┌──

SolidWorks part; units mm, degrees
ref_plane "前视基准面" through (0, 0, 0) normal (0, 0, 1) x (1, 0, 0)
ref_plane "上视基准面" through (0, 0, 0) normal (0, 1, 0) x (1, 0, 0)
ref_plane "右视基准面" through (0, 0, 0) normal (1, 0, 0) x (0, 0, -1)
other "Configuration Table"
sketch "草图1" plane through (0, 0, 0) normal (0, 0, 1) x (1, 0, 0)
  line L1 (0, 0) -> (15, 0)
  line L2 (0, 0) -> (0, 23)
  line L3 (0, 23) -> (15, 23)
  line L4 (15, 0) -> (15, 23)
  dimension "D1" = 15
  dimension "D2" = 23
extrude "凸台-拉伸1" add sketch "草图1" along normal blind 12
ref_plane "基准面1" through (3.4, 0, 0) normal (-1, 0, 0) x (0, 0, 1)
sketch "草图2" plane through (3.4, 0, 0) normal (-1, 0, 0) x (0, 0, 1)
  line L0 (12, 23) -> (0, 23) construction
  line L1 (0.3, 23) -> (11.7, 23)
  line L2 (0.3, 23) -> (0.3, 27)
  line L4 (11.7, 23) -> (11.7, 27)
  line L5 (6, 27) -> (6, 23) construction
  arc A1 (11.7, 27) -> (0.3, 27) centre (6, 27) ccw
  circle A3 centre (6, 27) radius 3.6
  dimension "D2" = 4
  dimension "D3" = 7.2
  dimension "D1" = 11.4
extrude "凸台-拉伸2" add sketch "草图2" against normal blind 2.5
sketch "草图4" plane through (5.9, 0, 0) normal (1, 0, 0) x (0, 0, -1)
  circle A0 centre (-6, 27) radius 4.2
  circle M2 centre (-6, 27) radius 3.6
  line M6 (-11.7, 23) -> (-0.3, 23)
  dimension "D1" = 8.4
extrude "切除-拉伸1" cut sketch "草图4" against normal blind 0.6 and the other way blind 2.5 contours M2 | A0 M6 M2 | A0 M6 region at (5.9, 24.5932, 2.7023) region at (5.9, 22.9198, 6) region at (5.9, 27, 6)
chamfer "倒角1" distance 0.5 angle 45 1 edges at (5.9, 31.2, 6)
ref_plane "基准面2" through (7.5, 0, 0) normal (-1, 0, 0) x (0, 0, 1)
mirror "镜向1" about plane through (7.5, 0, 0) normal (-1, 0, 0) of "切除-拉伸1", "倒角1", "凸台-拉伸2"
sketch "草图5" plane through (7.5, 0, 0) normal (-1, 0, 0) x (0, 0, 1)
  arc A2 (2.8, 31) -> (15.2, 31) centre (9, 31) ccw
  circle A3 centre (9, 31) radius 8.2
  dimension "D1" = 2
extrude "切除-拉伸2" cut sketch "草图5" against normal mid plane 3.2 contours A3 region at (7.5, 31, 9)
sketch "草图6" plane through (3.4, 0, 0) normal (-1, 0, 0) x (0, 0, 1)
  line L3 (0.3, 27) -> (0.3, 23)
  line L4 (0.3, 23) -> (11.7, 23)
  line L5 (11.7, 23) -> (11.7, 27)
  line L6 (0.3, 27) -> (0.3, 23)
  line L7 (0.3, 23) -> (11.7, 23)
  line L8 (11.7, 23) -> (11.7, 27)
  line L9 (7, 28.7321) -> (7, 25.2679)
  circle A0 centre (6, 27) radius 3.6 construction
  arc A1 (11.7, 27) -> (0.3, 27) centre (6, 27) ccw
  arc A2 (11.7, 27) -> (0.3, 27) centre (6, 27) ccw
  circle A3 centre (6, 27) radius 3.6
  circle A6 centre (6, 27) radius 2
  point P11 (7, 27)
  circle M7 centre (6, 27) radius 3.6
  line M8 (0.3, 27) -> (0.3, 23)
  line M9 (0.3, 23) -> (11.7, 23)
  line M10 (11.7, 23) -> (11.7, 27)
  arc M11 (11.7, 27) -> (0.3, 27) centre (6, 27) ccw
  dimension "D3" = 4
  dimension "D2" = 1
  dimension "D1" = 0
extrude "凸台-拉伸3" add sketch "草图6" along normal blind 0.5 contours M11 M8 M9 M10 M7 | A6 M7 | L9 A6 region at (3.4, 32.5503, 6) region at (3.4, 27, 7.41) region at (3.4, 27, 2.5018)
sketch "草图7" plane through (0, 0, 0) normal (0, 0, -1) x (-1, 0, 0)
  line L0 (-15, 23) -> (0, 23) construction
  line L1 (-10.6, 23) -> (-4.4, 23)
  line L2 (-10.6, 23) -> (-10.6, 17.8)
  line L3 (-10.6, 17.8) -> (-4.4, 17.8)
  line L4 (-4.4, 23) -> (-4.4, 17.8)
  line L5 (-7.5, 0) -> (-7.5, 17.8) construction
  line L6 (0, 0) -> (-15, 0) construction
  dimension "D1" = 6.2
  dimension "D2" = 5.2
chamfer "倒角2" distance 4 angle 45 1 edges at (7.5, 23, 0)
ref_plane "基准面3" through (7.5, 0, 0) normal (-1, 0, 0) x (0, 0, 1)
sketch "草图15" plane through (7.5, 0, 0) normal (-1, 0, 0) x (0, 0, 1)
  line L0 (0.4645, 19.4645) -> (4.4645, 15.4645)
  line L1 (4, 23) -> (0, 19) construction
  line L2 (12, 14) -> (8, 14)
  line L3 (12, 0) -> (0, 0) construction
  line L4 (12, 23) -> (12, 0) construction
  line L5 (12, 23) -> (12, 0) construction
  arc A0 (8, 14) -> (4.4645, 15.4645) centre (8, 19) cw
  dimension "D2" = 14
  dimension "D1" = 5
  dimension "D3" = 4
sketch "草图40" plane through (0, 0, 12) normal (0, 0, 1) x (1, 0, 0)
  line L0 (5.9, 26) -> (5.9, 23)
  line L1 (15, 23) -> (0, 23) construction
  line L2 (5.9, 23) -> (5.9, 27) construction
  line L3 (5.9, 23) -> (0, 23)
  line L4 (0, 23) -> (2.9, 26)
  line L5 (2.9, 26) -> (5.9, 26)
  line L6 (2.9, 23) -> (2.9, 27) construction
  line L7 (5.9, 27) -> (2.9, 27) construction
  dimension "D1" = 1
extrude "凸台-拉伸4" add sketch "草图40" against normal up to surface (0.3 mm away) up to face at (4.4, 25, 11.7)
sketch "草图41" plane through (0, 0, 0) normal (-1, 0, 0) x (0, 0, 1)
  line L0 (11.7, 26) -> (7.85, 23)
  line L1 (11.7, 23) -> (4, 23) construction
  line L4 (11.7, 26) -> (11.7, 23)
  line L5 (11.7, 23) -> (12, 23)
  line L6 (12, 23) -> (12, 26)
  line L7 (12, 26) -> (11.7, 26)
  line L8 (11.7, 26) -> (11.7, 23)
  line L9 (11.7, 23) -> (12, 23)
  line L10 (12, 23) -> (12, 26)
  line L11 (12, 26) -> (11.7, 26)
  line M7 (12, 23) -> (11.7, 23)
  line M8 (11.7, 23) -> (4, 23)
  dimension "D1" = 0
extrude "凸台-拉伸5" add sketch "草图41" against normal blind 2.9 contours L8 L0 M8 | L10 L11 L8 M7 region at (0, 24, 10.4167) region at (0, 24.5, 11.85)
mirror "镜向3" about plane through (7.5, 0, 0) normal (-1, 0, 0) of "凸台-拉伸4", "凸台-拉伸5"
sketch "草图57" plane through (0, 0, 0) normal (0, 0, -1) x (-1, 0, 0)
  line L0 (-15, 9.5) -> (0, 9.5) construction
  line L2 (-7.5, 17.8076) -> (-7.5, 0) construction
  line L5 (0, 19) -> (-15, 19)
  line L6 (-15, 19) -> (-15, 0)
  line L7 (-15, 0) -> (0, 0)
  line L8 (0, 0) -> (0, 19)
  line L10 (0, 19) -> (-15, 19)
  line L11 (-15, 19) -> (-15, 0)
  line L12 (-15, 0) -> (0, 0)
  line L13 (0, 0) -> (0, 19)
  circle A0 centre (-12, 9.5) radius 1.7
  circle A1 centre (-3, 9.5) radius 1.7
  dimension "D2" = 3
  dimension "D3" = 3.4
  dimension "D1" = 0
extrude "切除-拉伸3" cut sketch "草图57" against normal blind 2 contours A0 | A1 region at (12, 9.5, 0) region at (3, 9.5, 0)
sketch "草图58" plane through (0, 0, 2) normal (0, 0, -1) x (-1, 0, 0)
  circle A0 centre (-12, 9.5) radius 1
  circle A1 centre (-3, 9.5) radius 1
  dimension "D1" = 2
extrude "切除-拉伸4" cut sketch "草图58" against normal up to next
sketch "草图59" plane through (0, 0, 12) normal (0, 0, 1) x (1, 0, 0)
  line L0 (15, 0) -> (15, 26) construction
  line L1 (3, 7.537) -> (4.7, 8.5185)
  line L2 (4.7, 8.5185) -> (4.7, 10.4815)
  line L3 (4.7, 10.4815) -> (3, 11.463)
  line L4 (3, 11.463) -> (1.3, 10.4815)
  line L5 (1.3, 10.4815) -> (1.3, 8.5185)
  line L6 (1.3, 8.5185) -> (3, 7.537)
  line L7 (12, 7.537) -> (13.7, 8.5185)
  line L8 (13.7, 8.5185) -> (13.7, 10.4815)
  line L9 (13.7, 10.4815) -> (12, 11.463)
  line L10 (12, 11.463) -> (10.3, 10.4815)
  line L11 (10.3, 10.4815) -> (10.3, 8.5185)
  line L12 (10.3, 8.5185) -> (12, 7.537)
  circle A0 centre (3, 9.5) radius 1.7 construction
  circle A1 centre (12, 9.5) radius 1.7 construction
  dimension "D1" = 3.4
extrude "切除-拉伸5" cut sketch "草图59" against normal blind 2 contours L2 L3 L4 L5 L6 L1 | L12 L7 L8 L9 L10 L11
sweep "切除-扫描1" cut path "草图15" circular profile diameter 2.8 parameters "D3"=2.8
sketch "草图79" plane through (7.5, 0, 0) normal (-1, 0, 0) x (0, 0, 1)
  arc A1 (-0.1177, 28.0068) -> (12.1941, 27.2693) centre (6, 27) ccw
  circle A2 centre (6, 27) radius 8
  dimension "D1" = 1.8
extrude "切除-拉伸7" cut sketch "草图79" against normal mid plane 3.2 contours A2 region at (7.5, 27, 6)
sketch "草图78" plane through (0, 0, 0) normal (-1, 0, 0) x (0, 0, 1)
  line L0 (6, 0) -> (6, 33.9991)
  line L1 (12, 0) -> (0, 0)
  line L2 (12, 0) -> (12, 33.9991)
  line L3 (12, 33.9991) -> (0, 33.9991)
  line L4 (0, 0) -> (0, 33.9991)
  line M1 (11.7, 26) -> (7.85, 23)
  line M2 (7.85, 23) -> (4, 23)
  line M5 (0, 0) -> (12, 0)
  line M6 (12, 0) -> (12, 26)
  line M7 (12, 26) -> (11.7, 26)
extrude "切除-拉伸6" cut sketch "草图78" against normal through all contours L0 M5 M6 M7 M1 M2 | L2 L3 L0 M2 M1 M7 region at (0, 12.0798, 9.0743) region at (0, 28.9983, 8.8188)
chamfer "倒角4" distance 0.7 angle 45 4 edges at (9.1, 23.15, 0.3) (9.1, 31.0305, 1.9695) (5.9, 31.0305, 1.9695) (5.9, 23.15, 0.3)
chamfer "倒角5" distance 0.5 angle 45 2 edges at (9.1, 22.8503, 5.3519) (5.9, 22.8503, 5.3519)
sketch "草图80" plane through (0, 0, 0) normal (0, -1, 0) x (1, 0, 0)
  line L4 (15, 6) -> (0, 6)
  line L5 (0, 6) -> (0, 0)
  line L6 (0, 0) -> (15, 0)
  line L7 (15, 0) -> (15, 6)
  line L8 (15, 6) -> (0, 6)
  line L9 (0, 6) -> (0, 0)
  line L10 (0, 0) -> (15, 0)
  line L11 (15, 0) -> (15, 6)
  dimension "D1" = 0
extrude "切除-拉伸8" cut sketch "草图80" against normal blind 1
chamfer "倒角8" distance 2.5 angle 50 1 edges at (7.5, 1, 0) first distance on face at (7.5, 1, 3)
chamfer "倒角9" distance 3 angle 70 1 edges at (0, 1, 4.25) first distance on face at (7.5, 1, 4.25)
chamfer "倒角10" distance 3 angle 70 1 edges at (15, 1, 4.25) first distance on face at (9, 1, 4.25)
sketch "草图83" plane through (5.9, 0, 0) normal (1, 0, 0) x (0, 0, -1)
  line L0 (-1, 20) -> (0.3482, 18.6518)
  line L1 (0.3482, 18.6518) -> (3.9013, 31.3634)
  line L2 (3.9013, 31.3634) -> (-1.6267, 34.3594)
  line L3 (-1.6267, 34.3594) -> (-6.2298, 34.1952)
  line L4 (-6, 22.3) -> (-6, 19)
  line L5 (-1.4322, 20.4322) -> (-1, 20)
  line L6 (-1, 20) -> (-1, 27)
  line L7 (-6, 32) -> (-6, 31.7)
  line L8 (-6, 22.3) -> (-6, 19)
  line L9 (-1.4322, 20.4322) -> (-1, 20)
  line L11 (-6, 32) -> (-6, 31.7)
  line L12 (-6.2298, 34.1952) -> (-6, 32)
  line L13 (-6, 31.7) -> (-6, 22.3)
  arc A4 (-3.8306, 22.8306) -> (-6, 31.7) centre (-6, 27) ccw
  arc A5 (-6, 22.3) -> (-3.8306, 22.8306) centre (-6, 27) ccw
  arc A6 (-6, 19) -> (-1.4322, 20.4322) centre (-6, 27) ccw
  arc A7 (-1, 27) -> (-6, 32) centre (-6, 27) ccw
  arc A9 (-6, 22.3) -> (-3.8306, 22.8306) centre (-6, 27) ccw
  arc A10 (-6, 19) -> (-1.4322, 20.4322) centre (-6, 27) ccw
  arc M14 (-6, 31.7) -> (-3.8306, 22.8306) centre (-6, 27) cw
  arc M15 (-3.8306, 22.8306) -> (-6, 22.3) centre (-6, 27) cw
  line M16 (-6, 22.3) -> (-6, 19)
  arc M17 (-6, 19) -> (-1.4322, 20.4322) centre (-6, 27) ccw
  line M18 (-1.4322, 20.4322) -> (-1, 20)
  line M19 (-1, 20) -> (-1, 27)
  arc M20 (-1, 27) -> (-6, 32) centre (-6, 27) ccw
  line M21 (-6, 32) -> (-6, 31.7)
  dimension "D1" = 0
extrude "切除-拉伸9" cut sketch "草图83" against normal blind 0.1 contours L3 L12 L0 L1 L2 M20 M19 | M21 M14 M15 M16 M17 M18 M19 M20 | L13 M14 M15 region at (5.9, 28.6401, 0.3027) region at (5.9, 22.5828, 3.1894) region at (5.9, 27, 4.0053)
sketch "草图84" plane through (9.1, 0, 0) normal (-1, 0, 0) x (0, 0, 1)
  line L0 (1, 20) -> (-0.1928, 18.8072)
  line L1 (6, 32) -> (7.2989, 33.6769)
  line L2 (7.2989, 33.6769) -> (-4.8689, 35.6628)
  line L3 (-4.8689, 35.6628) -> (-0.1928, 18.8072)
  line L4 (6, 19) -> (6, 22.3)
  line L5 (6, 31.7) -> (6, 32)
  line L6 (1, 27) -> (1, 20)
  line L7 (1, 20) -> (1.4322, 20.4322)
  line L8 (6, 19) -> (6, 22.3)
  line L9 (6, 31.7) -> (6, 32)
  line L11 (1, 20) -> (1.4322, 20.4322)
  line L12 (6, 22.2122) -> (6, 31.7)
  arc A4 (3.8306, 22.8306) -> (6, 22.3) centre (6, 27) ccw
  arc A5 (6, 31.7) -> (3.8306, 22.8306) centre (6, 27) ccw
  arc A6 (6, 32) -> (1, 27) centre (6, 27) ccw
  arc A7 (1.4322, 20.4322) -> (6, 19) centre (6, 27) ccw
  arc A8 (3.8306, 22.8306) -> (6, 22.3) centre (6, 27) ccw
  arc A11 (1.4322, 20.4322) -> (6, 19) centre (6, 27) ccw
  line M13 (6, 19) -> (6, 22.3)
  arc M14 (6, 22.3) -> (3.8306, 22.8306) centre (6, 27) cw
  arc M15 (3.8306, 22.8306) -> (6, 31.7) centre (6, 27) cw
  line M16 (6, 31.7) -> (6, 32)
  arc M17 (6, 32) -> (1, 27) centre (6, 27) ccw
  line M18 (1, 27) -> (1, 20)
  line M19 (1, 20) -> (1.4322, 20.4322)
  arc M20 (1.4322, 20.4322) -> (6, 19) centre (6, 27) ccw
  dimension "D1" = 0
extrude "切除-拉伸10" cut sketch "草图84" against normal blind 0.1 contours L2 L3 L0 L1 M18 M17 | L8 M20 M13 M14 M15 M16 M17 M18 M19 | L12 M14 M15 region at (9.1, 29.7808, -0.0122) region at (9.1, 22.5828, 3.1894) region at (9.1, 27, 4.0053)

└──

List each line in the listing that contains the string "angle".

chamfer "倒角1" distance 0.5 angle 45 1 edges at (5.9, 31.2, 6)
chamfer "倒角2" distance 4 angle 45 1 edges at (7.5, 23, 0)
chamfer "倒角4" distance 0.7 angle 45 4 edges at (9.1, 23.15, 0.3) (9.1, 31.0305, 1.9695) (5.9, 31.0305, 1.9695) (5.9, 23.15, 0.3)
chamfer "倒角5" distance 0.5 angle 45 2 edges at (9.1, 22.8503, 5.3519) (5.9, 22.8503, 5.3519)
chamfer "倒角8" distance 2.5 angle 50 1 edges at (7.5, 1, 0) first distance on face at (7.5, 1, 3)
chamfer "倒角9" distance 3 angle 70 1 edges at (0, 1, 4.25) first distance on face at (7.5, 1, 4.25)
chamfer "倒角10" distance 3 angle 70 1 edges at (15, 1, 4.25) first distance on face at (9, 1, 4.25)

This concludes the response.